-------- SUPPLIED RECORDS
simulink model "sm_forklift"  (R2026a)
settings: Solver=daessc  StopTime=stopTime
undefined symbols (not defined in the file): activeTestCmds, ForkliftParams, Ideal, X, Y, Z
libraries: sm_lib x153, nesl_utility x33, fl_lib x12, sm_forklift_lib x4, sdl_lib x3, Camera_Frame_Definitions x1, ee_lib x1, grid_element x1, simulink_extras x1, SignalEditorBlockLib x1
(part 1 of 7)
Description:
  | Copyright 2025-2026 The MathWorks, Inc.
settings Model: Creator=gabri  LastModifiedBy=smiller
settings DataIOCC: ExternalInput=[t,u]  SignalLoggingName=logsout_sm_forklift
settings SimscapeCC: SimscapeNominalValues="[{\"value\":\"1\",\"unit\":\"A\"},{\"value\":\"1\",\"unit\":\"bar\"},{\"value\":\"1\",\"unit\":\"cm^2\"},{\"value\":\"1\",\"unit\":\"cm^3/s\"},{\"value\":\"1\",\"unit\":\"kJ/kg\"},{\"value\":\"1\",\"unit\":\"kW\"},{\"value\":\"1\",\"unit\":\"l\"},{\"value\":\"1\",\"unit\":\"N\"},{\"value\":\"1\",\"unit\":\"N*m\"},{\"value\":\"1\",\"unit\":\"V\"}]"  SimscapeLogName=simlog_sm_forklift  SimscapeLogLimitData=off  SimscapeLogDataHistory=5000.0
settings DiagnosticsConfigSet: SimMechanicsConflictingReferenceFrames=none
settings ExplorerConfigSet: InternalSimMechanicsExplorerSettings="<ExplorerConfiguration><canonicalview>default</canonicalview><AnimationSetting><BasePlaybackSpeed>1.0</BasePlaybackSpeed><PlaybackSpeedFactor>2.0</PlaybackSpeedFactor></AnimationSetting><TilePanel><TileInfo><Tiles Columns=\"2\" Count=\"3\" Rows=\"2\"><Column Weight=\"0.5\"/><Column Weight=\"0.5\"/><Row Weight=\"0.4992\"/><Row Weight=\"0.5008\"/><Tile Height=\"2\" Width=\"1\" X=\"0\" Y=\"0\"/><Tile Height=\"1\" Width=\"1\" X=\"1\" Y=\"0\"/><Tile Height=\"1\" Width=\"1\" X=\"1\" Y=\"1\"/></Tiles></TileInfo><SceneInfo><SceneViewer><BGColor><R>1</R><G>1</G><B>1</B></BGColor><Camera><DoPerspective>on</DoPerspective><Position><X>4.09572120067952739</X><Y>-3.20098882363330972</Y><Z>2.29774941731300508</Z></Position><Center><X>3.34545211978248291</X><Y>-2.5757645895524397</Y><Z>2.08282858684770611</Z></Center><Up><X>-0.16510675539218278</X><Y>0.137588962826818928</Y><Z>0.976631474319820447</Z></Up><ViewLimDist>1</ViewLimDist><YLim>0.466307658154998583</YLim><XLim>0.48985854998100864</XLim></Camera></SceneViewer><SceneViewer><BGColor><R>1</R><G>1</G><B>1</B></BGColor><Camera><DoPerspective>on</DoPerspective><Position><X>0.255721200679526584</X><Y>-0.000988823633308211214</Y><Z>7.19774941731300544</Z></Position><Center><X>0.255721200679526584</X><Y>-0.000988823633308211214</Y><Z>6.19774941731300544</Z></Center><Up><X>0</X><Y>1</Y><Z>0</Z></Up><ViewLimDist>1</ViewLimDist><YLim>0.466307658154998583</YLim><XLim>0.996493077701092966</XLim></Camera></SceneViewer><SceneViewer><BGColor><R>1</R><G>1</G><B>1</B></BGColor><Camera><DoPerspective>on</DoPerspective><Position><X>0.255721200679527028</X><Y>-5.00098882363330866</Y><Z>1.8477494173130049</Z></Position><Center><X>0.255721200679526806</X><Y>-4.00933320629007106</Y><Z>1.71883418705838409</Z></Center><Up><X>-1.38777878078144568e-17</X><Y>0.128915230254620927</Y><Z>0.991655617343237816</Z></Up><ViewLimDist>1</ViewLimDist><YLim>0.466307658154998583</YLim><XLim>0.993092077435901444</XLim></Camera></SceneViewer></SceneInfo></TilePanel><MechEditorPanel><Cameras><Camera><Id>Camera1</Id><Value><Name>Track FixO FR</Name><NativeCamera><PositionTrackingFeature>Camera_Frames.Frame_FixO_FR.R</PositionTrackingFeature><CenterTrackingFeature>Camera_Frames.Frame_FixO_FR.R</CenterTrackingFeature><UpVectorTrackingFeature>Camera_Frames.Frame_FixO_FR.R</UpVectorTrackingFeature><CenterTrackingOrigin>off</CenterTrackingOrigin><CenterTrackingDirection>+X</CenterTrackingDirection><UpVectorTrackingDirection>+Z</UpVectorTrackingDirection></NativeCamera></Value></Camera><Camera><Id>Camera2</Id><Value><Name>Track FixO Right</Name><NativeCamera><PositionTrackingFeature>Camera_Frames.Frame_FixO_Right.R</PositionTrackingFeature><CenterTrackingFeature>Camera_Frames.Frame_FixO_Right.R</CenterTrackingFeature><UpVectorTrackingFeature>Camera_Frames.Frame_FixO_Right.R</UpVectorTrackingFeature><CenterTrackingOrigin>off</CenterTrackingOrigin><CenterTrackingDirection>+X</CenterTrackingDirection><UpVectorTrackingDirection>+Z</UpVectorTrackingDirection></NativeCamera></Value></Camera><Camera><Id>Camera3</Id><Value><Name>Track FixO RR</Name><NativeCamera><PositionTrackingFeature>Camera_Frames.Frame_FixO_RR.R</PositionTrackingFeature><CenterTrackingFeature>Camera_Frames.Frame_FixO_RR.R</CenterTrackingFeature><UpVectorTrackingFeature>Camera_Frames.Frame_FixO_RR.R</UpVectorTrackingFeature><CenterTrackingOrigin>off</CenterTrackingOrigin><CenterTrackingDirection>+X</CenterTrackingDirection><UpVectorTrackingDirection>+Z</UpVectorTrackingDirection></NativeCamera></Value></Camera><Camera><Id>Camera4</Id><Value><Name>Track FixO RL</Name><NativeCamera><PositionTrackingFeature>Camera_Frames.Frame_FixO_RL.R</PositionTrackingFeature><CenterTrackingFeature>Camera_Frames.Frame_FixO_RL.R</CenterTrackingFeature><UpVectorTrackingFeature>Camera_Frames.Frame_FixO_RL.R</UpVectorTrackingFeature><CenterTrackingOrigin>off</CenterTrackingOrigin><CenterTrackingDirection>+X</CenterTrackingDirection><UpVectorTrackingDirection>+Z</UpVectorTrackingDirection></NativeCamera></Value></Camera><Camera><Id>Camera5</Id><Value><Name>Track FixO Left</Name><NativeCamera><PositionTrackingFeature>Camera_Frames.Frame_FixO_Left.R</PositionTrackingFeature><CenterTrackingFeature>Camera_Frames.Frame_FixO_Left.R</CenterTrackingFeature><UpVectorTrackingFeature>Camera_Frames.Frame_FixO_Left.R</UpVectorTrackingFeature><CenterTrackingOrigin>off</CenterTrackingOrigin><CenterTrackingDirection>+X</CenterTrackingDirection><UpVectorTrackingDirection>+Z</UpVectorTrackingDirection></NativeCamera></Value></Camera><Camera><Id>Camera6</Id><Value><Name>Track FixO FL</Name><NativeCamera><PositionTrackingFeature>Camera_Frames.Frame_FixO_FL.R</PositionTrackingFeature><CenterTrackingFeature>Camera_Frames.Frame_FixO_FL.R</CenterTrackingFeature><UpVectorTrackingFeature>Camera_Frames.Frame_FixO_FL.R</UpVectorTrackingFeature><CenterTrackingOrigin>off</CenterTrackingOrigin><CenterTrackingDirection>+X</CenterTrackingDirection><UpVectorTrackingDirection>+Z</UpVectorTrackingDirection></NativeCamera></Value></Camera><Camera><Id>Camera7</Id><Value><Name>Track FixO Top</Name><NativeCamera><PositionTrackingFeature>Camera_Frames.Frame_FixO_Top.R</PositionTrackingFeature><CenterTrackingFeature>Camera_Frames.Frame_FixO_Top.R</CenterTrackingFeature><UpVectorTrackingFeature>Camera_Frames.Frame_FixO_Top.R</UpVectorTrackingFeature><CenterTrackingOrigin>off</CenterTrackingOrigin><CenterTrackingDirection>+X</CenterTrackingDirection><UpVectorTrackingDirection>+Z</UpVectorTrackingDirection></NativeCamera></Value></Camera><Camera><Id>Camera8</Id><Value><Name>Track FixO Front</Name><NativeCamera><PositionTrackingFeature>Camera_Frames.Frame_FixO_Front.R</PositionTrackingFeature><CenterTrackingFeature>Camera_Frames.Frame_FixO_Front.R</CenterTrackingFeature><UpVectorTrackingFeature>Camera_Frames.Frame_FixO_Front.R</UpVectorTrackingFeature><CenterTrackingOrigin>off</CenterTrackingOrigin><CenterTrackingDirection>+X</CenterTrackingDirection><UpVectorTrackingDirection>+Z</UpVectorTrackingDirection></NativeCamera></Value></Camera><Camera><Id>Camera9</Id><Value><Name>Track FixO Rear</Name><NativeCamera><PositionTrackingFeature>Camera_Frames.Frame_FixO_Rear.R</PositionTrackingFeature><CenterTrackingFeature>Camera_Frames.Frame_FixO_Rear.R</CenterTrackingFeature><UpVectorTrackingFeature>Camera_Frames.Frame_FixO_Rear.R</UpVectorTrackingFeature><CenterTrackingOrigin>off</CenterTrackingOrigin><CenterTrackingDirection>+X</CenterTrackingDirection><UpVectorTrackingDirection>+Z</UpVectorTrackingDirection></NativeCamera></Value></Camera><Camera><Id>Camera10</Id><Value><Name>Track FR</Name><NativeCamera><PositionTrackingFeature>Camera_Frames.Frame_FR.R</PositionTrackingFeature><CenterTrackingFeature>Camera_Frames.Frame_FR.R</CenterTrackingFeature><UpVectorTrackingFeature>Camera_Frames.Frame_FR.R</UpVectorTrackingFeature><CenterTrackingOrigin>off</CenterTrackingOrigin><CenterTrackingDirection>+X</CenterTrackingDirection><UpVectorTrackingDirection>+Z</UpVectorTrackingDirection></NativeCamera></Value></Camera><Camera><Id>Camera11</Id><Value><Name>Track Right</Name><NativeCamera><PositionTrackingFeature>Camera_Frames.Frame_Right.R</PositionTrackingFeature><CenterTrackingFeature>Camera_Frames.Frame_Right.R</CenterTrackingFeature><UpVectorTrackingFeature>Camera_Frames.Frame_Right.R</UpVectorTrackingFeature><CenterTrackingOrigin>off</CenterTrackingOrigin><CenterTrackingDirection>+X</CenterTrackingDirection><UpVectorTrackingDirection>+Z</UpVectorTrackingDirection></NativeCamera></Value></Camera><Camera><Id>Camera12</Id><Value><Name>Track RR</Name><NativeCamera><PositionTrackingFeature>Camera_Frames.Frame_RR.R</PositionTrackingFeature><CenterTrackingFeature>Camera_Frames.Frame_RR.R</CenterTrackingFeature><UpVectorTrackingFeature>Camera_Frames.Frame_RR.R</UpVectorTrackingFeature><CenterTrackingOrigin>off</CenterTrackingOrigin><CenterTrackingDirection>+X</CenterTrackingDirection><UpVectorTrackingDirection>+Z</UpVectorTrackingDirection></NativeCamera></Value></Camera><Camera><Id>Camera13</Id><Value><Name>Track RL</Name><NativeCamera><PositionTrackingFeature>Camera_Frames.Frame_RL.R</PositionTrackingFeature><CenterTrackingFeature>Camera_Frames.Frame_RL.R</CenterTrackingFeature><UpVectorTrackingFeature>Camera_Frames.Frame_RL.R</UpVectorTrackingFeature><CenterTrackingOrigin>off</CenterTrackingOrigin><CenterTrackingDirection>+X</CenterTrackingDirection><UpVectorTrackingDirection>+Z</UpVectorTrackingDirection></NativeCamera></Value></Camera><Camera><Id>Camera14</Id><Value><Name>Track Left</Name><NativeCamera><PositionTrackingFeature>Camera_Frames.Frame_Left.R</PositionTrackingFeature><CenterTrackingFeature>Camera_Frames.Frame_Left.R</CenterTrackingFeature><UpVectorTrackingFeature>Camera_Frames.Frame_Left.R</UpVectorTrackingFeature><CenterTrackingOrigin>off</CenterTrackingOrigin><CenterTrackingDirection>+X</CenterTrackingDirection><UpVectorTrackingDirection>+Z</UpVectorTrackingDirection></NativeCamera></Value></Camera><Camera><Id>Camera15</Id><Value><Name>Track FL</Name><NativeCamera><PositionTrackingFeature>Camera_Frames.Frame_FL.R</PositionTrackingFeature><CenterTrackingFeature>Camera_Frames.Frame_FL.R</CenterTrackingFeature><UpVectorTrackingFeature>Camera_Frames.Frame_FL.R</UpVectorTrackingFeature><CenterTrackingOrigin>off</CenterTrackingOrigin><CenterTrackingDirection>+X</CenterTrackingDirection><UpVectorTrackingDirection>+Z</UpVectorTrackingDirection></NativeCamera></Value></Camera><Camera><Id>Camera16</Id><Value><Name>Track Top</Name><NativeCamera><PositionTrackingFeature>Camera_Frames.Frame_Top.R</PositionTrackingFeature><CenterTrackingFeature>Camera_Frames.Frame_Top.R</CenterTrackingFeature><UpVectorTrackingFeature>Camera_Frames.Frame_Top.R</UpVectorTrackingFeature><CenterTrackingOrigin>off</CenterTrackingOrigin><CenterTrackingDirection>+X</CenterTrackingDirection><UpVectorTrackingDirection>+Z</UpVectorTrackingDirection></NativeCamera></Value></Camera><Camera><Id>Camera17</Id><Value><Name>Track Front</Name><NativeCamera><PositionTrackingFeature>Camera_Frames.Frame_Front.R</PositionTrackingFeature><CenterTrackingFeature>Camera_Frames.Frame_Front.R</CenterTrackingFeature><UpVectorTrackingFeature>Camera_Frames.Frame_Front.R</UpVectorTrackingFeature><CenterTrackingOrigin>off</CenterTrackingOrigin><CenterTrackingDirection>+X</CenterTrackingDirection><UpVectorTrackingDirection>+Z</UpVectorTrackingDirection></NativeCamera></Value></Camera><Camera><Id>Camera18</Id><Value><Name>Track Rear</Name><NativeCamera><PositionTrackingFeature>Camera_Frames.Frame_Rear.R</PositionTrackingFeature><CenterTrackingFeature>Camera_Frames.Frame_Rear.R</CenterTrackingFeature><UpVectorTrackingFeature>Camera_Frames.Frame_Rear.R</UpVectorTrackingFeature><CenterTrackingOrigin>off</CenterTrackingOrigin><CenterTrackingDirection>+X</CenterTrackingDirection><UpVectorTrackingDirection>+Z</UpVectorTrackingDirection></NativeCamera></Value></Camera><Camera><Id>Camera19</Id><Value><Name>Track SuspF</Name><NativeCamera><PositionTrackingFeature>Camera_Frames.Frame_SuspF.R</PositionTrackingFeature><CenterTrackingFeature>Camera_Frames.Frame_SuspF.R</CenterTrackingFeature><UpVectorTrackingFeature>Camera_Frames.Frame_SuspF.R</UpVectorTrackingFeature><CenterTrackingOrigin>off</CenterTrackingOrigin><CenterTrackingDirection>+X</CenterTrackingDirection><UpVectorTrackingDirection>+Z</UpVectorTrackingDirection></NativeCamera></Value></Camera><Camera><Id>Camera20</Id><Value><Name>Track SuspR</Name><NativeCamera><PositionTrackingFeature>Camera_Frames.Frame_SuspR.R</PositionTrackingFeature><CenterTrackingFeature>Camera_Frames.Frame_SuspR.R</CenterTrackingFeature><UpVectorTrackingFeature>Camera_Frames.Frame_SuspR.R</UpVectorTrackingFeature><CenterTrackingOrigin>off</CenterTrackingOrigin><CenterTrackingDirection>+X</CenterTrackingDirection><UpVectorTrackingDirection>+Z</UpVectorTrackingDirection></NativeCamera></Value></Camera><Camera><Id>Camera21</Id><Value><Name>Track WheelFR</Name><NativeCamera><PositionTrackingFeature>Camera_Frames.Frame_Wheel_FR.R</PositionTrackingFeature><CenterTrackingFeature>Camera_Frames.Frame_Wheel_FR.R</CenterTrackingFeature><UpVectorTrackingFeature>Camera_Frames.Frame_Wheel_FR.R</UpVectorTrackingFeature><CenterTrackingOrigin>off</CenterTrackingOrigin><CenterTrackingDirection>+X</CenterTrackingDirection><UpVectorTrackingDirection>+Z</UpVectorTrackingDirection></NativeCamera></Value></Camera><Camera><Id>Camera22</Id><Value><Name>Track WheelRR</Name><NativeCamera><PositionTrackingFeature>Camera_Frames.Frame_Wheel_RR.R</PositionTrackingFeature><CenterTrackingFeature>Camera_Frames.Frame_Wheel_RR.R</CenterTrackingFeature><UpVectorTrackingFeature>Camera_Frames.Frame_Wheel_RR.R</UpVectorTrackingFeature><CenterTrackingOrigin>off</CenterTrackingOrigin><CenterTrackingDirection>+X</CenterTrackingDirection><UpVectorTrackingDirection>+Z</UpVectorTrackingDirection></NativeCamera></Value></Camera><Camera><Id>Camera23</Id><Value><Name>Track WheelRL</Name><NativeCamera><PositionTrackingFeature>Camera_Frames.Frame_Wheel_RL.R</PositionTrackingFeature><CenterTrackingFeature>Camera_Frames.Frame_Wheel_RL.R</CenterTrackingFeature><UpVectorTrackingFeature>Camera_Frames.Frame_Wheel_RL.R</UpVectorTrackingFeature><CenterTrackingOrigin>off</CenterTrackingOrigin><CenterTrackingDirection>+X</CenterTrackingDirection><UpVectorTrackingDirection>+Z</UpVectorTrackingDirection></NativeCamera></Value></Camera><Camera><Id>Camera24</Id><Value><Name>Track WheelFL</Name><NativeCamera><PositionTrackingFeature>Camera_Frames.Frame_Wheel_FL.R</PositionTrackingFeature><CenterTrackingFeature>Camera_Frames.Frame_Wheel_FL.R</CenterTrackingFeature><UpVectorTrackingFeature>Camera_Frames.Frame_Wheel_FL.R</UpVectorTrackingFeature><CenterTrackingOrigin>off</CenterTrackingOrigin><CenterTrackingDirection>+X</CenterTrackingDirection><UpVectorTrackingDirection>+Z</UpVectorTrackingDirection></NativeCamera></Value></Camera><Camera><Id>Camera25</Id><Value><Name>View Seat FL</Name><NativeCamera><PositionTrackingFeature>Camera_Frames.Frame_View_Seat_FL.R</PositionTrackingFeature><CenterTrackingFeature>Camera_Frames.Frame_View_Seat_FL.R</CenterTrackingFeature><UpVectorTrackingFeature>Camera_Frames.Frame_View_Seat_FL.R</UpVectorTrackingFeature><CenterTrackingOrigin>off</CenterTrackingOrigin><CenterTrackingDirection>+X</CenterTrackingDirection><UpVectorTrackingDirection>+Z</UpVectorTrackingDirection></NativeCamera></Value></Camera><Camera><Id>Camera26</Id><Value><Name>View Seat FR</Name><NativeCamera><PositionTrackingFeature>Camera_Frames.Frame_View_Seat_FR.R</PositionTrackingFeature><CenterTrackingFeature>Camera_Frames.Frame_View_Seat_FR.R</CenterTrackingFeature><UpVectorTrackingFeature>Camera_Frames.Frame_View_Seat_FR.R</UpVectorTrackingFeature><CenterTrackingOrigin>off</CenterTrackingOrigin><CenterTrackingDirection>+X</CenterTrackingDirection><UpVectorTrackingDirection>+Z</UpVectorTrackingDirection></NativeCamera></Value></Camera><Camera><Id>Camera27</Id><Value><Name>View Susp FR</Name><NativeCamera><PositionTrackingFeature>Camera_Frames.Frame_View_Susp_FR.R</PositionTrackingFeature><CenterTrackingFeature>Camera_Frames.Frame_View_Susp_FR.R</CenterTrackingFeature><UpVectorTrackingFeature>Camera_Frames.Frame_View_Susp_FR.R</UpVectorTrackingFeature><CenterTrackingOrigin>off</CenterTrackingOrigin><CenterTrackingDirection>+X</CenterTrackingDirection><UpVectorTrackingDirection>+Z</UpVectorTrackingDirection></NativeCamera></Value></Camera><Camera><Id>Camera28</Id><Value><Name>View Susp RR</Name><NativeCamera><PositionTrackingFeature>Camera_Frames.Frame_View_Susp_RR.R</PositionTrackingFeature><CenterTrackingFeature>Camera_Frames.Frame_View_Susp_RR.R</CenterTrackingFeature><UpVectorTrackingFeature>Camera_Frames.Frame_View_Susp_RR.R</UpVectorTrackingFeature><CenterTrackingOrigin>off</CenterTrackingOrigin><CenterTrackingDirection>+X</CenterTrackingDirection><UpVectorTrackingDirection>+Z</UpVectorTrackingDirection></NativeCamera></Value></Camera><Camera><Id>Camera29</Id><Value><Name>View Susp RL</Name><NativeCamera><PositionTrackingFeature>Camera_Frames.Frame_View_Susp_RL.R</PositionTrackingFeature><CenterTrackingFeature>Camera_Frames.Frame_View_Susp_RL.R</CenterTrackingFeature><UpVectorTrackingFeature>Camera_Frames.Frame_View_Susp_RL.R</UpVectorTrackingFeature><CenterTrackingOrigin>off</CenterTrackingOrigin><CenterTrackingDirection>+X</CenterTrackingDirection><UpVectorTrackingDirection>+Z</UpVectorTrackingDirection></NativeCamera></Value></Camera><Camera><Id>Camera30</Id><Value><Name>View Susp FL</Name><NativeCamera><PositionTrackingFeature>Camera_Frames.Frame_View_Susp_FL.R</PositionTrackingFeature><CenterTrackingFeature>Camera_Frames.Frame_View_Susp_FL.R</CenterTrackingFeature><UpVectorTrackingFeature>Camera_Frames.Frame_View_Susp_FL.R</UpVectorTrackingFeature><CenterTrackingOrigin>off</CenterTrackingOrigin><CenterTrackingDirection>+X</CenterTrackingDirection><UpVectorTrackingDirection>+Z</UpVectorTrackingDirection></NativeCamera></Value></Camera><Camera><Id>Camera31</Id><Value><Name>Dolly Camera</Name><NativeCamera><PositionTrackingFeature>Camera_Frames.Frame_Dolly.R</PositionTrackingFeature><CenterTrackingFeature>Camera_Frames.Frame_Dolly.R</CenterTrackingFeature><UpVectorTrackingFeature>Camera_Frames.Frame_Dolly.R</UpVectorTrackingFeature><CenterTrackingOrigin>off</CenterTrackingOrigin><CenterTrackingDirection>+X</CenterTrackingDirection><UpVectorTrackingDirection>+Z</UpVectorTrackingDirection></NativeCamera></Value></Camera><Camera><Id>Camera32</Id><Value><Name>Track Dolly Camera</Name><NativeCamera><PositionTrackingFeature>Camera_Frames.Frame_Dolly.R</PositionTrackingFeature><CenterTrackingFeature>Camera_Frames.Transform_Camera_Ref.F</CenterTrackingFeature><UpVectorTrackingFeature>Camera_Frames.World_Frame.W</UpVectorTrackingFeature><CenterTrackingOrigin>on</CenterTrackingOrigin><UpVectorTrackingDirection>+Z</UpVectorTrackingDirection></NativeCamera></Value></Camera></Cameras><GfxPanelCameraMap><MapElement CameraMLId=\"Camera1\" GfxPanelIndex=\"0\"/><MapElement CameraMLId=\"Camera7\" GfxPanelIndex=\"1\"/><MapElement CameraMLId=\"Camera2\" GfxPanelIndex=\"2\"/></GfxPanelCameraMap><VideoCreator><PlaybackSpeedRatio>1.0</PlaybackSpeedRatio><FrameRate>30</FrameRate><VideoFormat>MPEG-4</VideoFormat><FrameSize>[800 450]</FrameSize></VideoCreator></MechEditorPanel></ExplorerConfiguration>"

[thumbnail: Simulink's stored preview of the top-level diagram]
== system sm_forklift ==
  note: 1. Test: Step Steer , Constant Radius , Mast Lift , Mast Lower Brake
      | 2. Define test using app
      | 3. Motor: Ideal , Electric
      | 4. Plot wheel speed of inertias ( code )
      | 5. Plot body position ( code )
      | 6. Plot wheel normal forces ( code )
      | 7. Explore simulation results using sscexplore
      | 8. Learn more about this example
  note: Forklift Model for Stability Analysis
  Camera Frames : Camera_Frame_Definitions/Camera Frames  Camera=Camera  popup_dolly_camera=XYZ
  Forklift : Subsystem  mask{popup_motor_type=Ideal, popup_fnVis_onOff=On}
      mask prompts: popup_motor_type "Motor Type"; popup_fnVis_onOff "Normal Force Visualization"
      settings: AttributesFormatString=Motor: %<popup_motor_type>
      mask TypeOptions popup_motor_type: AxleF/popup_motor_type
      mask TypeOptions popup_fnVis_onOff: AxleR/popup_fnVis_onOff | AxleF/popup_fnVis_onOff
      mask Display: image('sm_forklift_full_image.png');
----------------
* **YOUR TASK**
Wherever the line holding "inertias ( code )" falls in the entries above, copy exactly from it through the line holding "Camera Frames : Camera_Frame_Definitions/Camera", inclusive, and add nothing.

* **YOUR SOLUTION**
      | 4. Plot wheel speed of inertias ( code )
      | 5. Plot body position ( code )
      | 6. Plot wheel normal forces ( code )
      | 7. Explore simulation results using sscexplore
      | 8. Learn more about this example
  note: Forklift Model for Stability Analysis
  Camera Frames : Camera_Frame_Definitions/Camera Frames  Camera=Camera  popup_dolly_camera=XYZ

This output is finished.